Orgues et sentiments : de la Grèce antique aux… Doors !

Image extraite du documentaire «Chercheurs d'orgues» diffusé ce dimanche sur Arte © Arte/Schuch Productions

L’orgue n’est pas qu’un instrument d’église. Du baroque à la pop, il a accompagné toute l’histoire de la musique.

Quel instrument à vent, actionné par un clavier, se joue à la fois avec les mains et les pieds ? Il n’y en a qu’un : l’orgue.

Le documentaire «Chercheurs d’orgues» (Arte, ce dimanche à 17h10) est cosigné par Bernard Foccroulle.
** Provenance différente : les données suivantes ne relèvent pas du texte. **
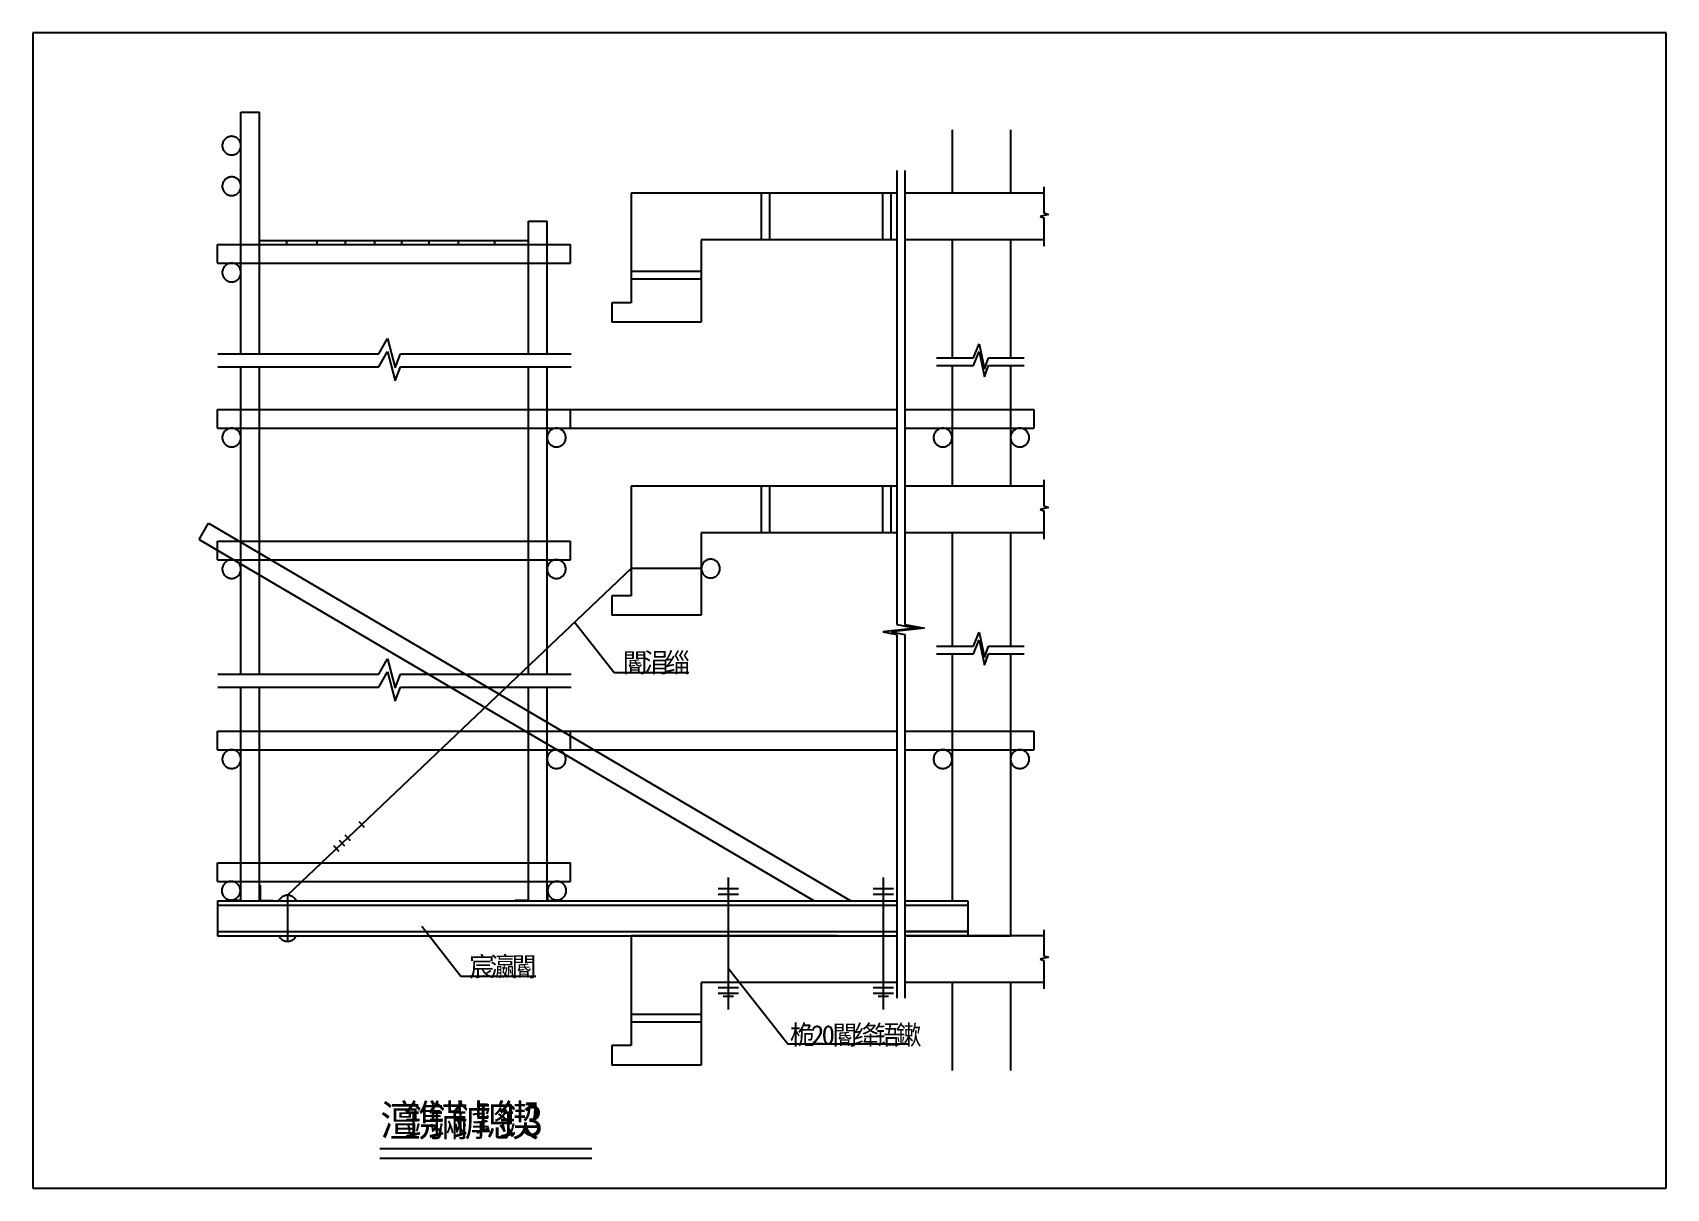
# Model space of a CAD drawing. Header units: metres. Extents: x 0 to 420, y 0 to 297.
import ezdxf

# ---------------------------------------------------------------- set-up
doc = ezdxf.new("R2010")
doc.units = ezdxf.units.M
doc.layers.add('1', color=7, linetype='Continuous')
doc.layers.add('3', color=7, linetype='Continuous')

msp = doc.modelspace()

# ---------------------------------------------------------------- linework, layer by layer
for p, q in [((420, 297), (0, 297)), ((0, 297), (0, 0)), ((420, 0), (420, 297)), ((53.54, 214.49), (53.54, 276.55)), ((53.54, 276.55), (58.34, 276.55)), ((58.34, 214.49), (58.34, 276.55)), ((236.4, 272.01), (236.4, 255.79)), ((251.4, 272.01), (251.4, 255.79)), ((222.16, 261.54), (222.16, 144.94)), ((224.26, 261.54), (224.26, 144.94)), ((259.95, 257.35), (259.95, 250.68)), ((153.89, 255.79), (153.89, 227.57)), ((222.16, 255.79), (153.89, 255.79)), ((259.95, 255.79), (224.26, 255.79)), ((127.46, 214.49), (127.46, 248.55)), ((127.46, 248.55), (132.26, 248.55)), ((132.26, 214.49), (132.26, 248.55)), ((261.14, 250.31), (259, 249.77)), ((259, 249.77), (259.95, 249.44)), ((259.95, 250.68), (261.14, 250.31)), ((259.95, 249.44), (259.95, 242.16)), ((222.16, 243.79), (171.89, 243.79)), ((171.89, 243.79), (171.89, 222.57)), ((259.95, 243.79), (224.26, 243.79)), ((236.4, 243.79), (236.4, 213.43)), ((251.4, 243.79), (251.4, 213.43)), ((47.54, 242.55), (138.26, 242.55)), ((47.54, 237.75), (47.54, 242.55)), ((58.34, 243.55), (127.46, 243.55)), ((65.29, 243.55), (65.29, 242.55)), ((73.03, 243.55), (73.03, 242.55)), ((80.3, 243.55), (80.3, 242.55)), ((87.92, 243.55), (87.92, 242.55)), ((94.84, 243.55), (94.84, 242.55)), ((101.88, 243.55), (101.88, 242.55)), ((109.39, 243.55), (109.39, 242.55)), ((118.77, 243.55), (118.77, 242.55)), ((138.26, 237.75), (138.26, 242.55)), ((47.54, 237.75), (138.26, 237.75)), ((47.54, 237.75), (138.26, 237.75)), ((153.89, 227.57), (148.89, 227.57)), ((148.89, 227.57), (148.89, 222.57)), ((88.97, 214.49), (91.2, 218.4)), ((91.2, 218.4), (93.16, 210.86)), ((171.89, 222.57), (148.89, 222.57)), ((47.62, 214.49), (88.97, 214.49)), ((88.97, 211.14), (91.2, 215.05)), ((91.2, 215.05), (93.16, 207.51)), ((93.16, 210.86), (94.55, 214.49)), ((94.55, 214.49), (138.41, 214.49)), ((241.84, 213.43), (243.36, 217.04)), ((241.84, 211.49), (243.36, 215.1)), ((243.36, 217.04), (244.75, 210.52)), ((243.36, 215.1), (244.75, 208.58)), ((47.62, 211.14), (88.97, 211.14)), ((53.54, 132.15), (53.54, 211.14)), ((58.34, 132.15), (58.34, 211.14)), ((93.16, 207.51), (94.55, 211.14)), ((94.55, 211.14), (138.41, 211.14)), ((127.46, 132.15), (127.46, 211.14)), ((132.26, 132.15), (132.26, 211.14)), ((232.4, 213.43), (241.84, 213.43)), ((232.4, 211.49), (241.84, 211.49)), ((236.4, 211.49), (236.4, 180.49)), ((244.75, 210.52), (245.72, 213.43)), ((244.75, 208.58), (245.72, 211.49)), ((245.72, 213.43), (254.88, 213.43)), ((245.72, 211.49), (254.88, 211.49)), ((251.4, 211.49), (251.4, 180.49)), ((47.54, 200.14), (138.26, 200.14)), ((47.54, 195.34), (47.54, 200.14)), ((138.26, 200.14), (222.16, 200.14)), ((138.26, 195.34), (138.26, 200.14)), ((224.26, 200.14), (257.4, 200.14)), ((257.4, 200.14), (257.4, 195.34)), ((47.54, 195.34), (138.26, 195.34)), ((47.54, 195.34), (138.26, 195.34)), ((138.26, 195.34), (222.16, 195.34)), ((224.26, 195.34), (257.4, 195.34)), ((259.95, 182.05), (259.95, 175.38)), ((153.89, 180.49), (153.89, 152.27)), ((222.16, 180.49), (153.89, 180.49)), ((259.95, 180.49), (224.26, 180.49)), ((261.14, 175.01), (259, 174.47)), ((259, 174.47), (259.95, 174.14)), ((259.95, 175.38), (261.14, 175.01)), ((259.95, 174.14), (259.95, 166.86)), ((42.81, 166.77), (45.24, 170.91)), ((45.24, 170.91), (210.38, 73.89)), ((222.16, 168.49), (171.89, 168.49)), ((171.89, 168.49), (171.89, 147.27)), ((259.95, 168.49), (224.26, 168.49)), ((236.4, 168.49), (236.4, 139.31)), ((251.4, 168.49), (251.4, 139.31)), ((42.81, 166.77), (200.9, 73.89)), ((47.54, 166.34), (138.26, 166.34)), ((47.54, 161.54), (47.54, 166.34)), ((138.26, 161.54), (138.26, 166.34)), ((47.54, 161.54), (138.26, 161.54)), ((153.89, 159.27), (65.53, 75.31)), ((171.89, 159.27), (153.89, 159.27)), ((148.89, 152.27), (148.89, 147.27)), ((153.89, 152.27), (148.89, 152.27)), ((171.89, 147.27), (148.89, 147.27)), ((139.44, 145.31), (149.51, 132.53)), ((227.17, 143.94), (218.57, 143.01)), ((218.57, 143.01), (222.16, 142.32)), ((229.27, 143.94), (220.67, 143.01)), ((220.67, 143.01), (224.26, 142.32)), ((222.16, 144.94), (227.17, 143.94)), ((224.26, 144.94), (229.27, 143.94)), ((241.84, 139.31), (243.36, 142.91)), ((243.36, 142.91), (244.75, 136.39)), ((222.16, 142.32), (222.16, 48.9)), ((224.26, 142.32), (224.26, 48.9)), ((232.4, 139.31), (241.84, 139.31)), ((241.84, 137.36), (243.36, 140.97)), ((243.36, 140.97), (244.75, 134.45)), ((244.75, 136.39), (245.72, 139.31)), ((245.72, 139.31), (254.88, 139.31)), ((88.97, 132.15), (91.2, 136.06)), ((91.2, 136.06), (93.16, 128.52)), ((232.4, 137.36), (241.84, 137.36)), ((236.4, 137.36), (236.4, 73.89)), ((244.75, 134.45), (245.72, 137.36)), ((245.72, 137.36), (254.88, 137.36)), ((251.4, 137.36), (251.4, 64.89)), ((47.62, 132.15), (88.97, 132.15)), ((88.97, 128.8), (91.2, 132.71)), ((91.2, 132.71), (93.16, 125.17)), ((93.16, 128.52), (94.55, 132.15)), ((94.55, 132.15), (138.41, 132.15)), ((149.51, 132.53), (168.73, 132.53)), ((47.62, 128.8), (88.97, 128.8)), ((53.54, 73.89), (53.54, 128.8)), ((58.34, 73.89), (58.34, 128.8)), ((93.16, 125.17), (94.55, 128.8)), ((94.55, 128.8), (138.41, 128.8)), ((127.46, 73.89), (127.46, 128.8)), ((132.26, 73.89), (132.26, 128.8)), ((47.54, 117.49), (222.16, 117.49)), ((47.54, 112.69), (47.54, 117.49)), ((138.26, 112.69), (138.26, 117.49)), ((224.26, 117.49), (257.4, 117.49)), ((257.4, 117.49), (257.4, 112.69)), ((47.54, 112.69), (222.16, 112.69)), ((224.26, 112.69), (257.4, 112.69)), ((85.32, 92.74), (83.94, 94.19)), ((80.24, 87.92), (78.87, 89.37)), ((81.69, 89.29), (80.32, 90.74)), ((78.79, 86.54), (77.42, 87.99)), ((47.54, 83.69), (138.26, 83.69)), ((47.54, 78.89), (47.54, 83.69)), ((138.26, 78.89), (138.26, 83.69)), ((47.54, 78.89), (138.26, 78.89)), ((47.54, 73.89), (222.16, 73.89)), ((47.54, 73.89), (47.54, 64.89)), ((47.54, 72.81), (222.16, 72.81)), ((65.53, 75.31), (65.53, 63.48)), ((224.26, 73.89), (240.4, 73.89)), ((224.26, 72.81), (240.4, 72.81)), ((240.4, 73.89), (240.4, 64.89)), ((100.05, 67.34), (110.11, 54.56)), ((47.54, 65.98), (222.16, 65.98)), ((47.54, 64.89), (222.16, 64.89)), ((206.83, 64.89), (153.89, 64.89)), ((153.89, 64.89), (153.89, 36.67)), ((224.26, 65.98), (240.4, 65.98)), ((240.4, 65.98), (224.26, 65.98)), ((259.95, 64.89), (224.26, 64.89)), ((224.26, 64.89), (251.4, 64.89)), ((259.95, 66.45), (259.95, 59.78)), ((261.14, 59.41), (259, 58.87)), ((259, 58.87), (259.95, 58.54)), ((259.95, 59.78), (261.14, 59.41)), ((178.89, 56.5), (194.14, 37.14)), ((259.95, 58.54), (259.95, 51.26)), ((110.11, 54.56), (129.34, 54.56)), ((171.89, 52.89), (171.89, 31.67)), ((222.16, 52.89), (171.89, 52.89)), ((259.95, 52.89), (224.26, 52.89)), ((236.4, 52.89), (236.4, 30.28)), ((251.4, 52.89), (251.4, 30.28)), ((148.89, 36.67), (148.89, 31.67)), ((153.89, 36.67), (148.89, 36.67)), ((194.18, 37.12), (225.41, 37.12)), ((171.89, 31.67), (148.89, 31.67)), ((89.21, 10.2), (143.79, 10.2)), ((89.21, 7.79), (143.79, 7.79)), ((0, 0), (420, 0))]:
    msp.add_line(p, q)
for points in [[(53.54, 267.97), (53.53, 268.2), (53.5, 268.44), (53.44, 268.66), (53.36, 268.89), (53.26, 269.1), (53.14, 269.3), (53, 269.49), (52.84, 269.66), (52.67, 269.82), (52.48, 269.96), (52.28, 270.08), (52.06, 270.18), (51.84, 270.26), (51.61, 270.32), (51.38, 270.36), (51.14, 270.37), (50.91, 270.36), (50.68, 270.32), (50.45, 270.26), (50.23, 270.18), (50.01, 270.08), (49.81, 269.96), (49.62, 269.82), (49.45, 269.66), (49.29, 269.49), (49.15, 269.3), (49.03, 269.1), (48.93, 268.89), (48.85, 268.66), (48.79, 268.44), (48.76, 268.2), (48.74, 267.97), (48.76, 267.73), (48.79, 267.5), (48.85, 267.27), (48.93, 267.05), (49.03, 266.84), (49.15, 266.63), (49.29, 266.45), (49.45, 266.27), (49.62, 266.11), (49.81, 265.97), (50.01, 265.85), (50.23, 265.75), (50.45, 265.67), (50.68, 265.61), (50.91, 265.58), (51.14, 265.57), (51.38, 265.58), (51.61, 265.61), (51.84, 265.67), (52.06, 265.75), (52.28, 265.85), (52.48, 265.97), (52.67, 266.11), (52.84, 266.27), (53, 266.45), (53.14, 266.63), (53.26, 266.84), (53.36, 267.05), (53.44, 267.27), (53.5, 267.5), (53.53, 267.73), (53.54, 267.97)], [(53.54, 257.53), (53.53, 257.77), (53.5, 258), (53.44, 258.23), (53.36, 258.45), (53.26, 258.66), (53.14, 258.86), (53, 259.05), (52.84, 259.23), (52.67, 259.39), (52.48, 259.53), (52.28, 259.65), (52.06, 259.75), (51.84, 259.83), (51.61, 259.88), (51.38, 259.92), (51.14, 259.93), (50.91, 259.92), (50.68, 259.88), (50.45, 259.83), (50.23, 259.75), (50.01, 259.65), (49.81, 259.53), (49.62, 259.39), (49.45, 259.23), (49.29, 259.05), (49.15, 258.86), (49.03, 258.66), (48.93, 258.45), (48.85, 258.23), (48.79, 258), (48.76, 257.77), (48.74, 257.53), (48.76, 257.3), (48.79, 257.06), (48.85, 256.83), (48.93, 256.61), (49.03, 256.4), (49.15, 256.2), (49.29, 256.01), (49.45, 255.83), (49.62, 255.68), (49.81, 255.54), (50.01, 255.41), (50.23, 255.31), (50.45, 255.23), (50.68, 255.18), (50.91, 255.14), (51.14, 255.13), (51.38, 255.14), (51.61, 255.18), (51.84, 255.23), (52.06, 255.31), (52.28, 255.41), (52.48, 255.54), (52.67, 255.68), (52.84, 255.83), (53, 256.01), (53.14, 256.2), (53.26, 256.4), (53.36, 256.61), (53.44, 256.83), (53.5, 257.06), (53.53, 257.3), (53.54, 257.53)], [(53.54, 235.35), (53.53, 235.59), (53.5, 235.82), (53.44, 236.05), (53.36, 236.27), (53.26, 236.48), (53.14, 236.69), (53, 236.88), (52.84, 237.05), (52.67, 237.21), (52.48, 237.35), (52.28, 237.47), (52.06, 237.57), (51.84, 237.65), (51.61, 237.71), (51.38, 237.74), (51.14, 237.75), (50.91, 237.74), (50.68, 237.71), (50.45, 237.65), (50.23, 237.57), (50.01, 237.47), (49.81, 237.35), (49.62, 237.21), (49.45, 237.05), (49.29, 236.88), (49.15, 236.69), (49.03, 236.48), (48.93, 236.27), (48.85, 236.05), (48.79, 235.82), (48.76, 235.59), (48.74, 235.35), (48.76, 235.12), (48.79, 234.89), (48.85, 234.66), (48.93, 234.43), (49.03, 234.22), (49.15, 234.02), (49.29, 233.83), (49.45, 233.66), (49.62, 233.5), (49.81, 233.36), (50.01, 233.24), (50.23, 233.14), (50.45, 233.06), (50.68, 233), (50.91, 232.96), (51.14, 232.95), (51.38, 232.96), (51.61, 233), (51.84, 233.06), (52.06, 233.14), (52.28, 233.24), (52.48, 233.36), (52.67, 233.5), (52.84, 233.66), (53, 233.83), (53.14, 234.02), (53.26, 234.22), (53.36, 234.43), (53.44, 234.66), (53.5, 234.89), (53.53, 235.12), (53.54, 235.35)], [(53.54, 192.94), (53.53, 193.18), (53.5, 193.41), (53.44, 193.64), (53.36, 193.86), (53.26, 194.07), (53.14, 194.28), (53, 194.47), (52.84, 194.64), (52.67, 194.8), (52.48, 194.94), (52.28, 195.06), (52.06, 195.16), (51.84, 195.24), (51.61, 195.3), (51.38, 195.33), (51.14, 195.34), (50.91, 195.33), (50.68, 195.3), (50.45, 195.24), (50.23, 195.16), (50.01, 195.06), (49.81, 194.94), (49.62, 194.8), (49.45, 194.64), (49.29, 194.47), (49.15, 194.28), (49.03, 194.07), (48.93, 193.86), (48.85, 193.64), (48.79, 193.41), (48.76, 193.18), (48.74, 192.94), (48.76, 192.71), (48.79, 192.47), (48.85, 192.25), (48.93, 192.02), (49.03, 191.81), (49.15, 191.61), (49.29, 191.42), (49.45, 191.25), (49.62, 191.09), (49.81, 190.95), (50.01, 190.83), (50.23, 190.73), (50.45, 190.65), (50.68, 190.59), (50.91, 190.55), (51.14, 190.54), (51.38, 190.55), (51.61, 190.59), (51.84, 190.65), (52.06, 190.73), (52.28, 190.83), (52.48, 190.95), (52.67, 191.09), (52.84, 191.25), (53, 191.42), (53.14, 191.61), (53.26, 191.81), (53.36, 192.02), (53.44, 192.25), (53.5, 192.47), (53.53, 192.71), (53.54, 192.94)], [(137.06, 192.94), (137.05, 193.18), (137.02, 193.41), (136.96, 193.64), (136.88, 193.86), (136.78, 194.07), (136.66, 194.28), (136.52, 194.47), (136.36, 194.64), (136.19, 194.8), (136, 194.94), (135.8, 195.06), (135.58, 195.16), (135.36, 195.24), (135.13, 195.3), (134.9, 195.33), (134.66, 195.34), (134.43, 195.33), (134.2, 195.3), (133.97, 195.24), (133.75, 195.16), (133.53, 195.06), (133.33, 194.94), (133.14, 194.8), (132.97, 194.64), (132.81, 194.47), (132.67, 194.28), (132.55, 194.07), (132.45, 193.86), (132.37, 193.64), (132.31, 193.41), (132.28, 193.18), (132.26, 192.94), (132.28, 192.71), (132.31, 192.47), (132.37, 192.25), (132.45, 192.02), (132.55, 191.81), (132.67, 191.61), (132.81, 191.42), (132.97, 191.25), (133.14, 191.09), (133.33, 190.95), (133.53, 190.83), (133.75, 190.73), (133.97, 190.65), (134.2, 190.59), (134.43, 190.55), (134.66, 190.54), (134.9, 190.55), (135.13, 190.59), (135.36, 190.65), (135.58, 190.73), (135.8, 190.83), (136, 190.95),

On connaît le Liégeois pour avoir été directeur à la Monnaie, mais il est d’abord organiste.

33.114 tuyaux

Êtes-vous déjà monté dans le jubé d’une église ? Derrière la façade ornementale de l’orgue se cache tout un monde. Des claviers, des pédaliers, des tuyaux, des soufflets… Le plus grand orgue du monde, à Atlantic City (États-Unis), compte pas moins de sept claviers et 33.114 tuyaux. Le plus grand de Wallonie, dans la collégiale Sainte-Waudru de Mons, affiche fièrement quatre claviers et 4.400 tuyaux.

Mais dans chaque village, dans chaque église, il y a un orgue. Et chacun a sa personnalité. L’orgue est un instrument exceptionnel car il permet de produire une incroyable diversité de sons, évoquant tantôt la flûte tantôt le clairon.

Souffle mécanique

L’orgue fut inventé dans la Grèce antique, quand l’homme chercha à remplacer le souffle humain par un souffle mécanique. Durant des siècles, l’orgue était un instrument léger et portatif, qui accompagnait les fêtes populaires. Comme en témoignent encore les orgues de Barbarie.

La grande histoire de l’orgue commence quand il s’installe dans les églises. Il accompagne l’histoire et les guerres de religions. Les spécialistes remarquent que les orgues allemands sont plus puissants que ceux du sud de l’Europe. Pourquoi ? Car ils devaient accompagner les protestants dans leurs chants, alors que l’assemblée ne chantait pas (encore) chez les catholiques. La Contre-Réforme change la donne, puis l’époque baroque donne aux orgues une intensité expressive nouvelle.

Fugues et préludes

L’histoire de l’orgue, c’est aussi celle de ses compositeurs. Ils écrivent à la fois des pièces religieuses et profanes. Sonates, toccatas, fugues, préludes… Au XVIIe siècle, on ne parle que de Frescobaldi. Après un passage à Bruxelles, ce petit génie décroche le poste d’organiste de la basilique Saint-Pierre de Rome.

En France, c’est Couperin qui marque l’époque. Il est au service de Louis XIV pour la chapelle royale de Versailles. On entre alors dans l’époque baroque avec deux compositeurs prestigieux : Jean-Sébastien Bach en Allemagne, Georg Friedrich Haendel en Angleterre.

Au XIXe siècle, il faut citer Felix Mendelssohn, mais aussi le Liégeois César Franck. La Révolution française a détruit une bonne part du patrimoine religieux, mais elle n’a pas réussi à toucher aux orgues. Pour sauver leur instrument, certains organistes n’ont pas hésité à y faire résonner des hymnes révolutionnaires.

Le son des Doors

L’orgue a toujours été l’instrument de son temps, et il continue à le prouver. Au XXe siècle, il s’installe dans les music-halls. À Paris, le Gaumont-Palace a son grand orgue depuis 1911, qui accompagne la projection des films muets. Dans les années 1930, l’orgue se fait électrique grâce à Hammond.

Il peut ainsi entrer dans les communautés religieuses qui n’ont pas le moyen de s’offrir un orgue à tuyaux. Notamment les communautés noires américaines. C’est ainsi que Count Basie, Ray Charles ou Aretha Franklin jouent de l’orgue.

L’instrument va accompagner le jazz, puis la pop-rock. Qu’auraient été les Doors sans Ray Manzarek et sa virtuosité à l’orgue ? Mais l’orgue continue d’inspirer les classiques. Olivier Messiaen, l’un des compositeurs majeurs du XXe siècle, était d’abord organiste d’église.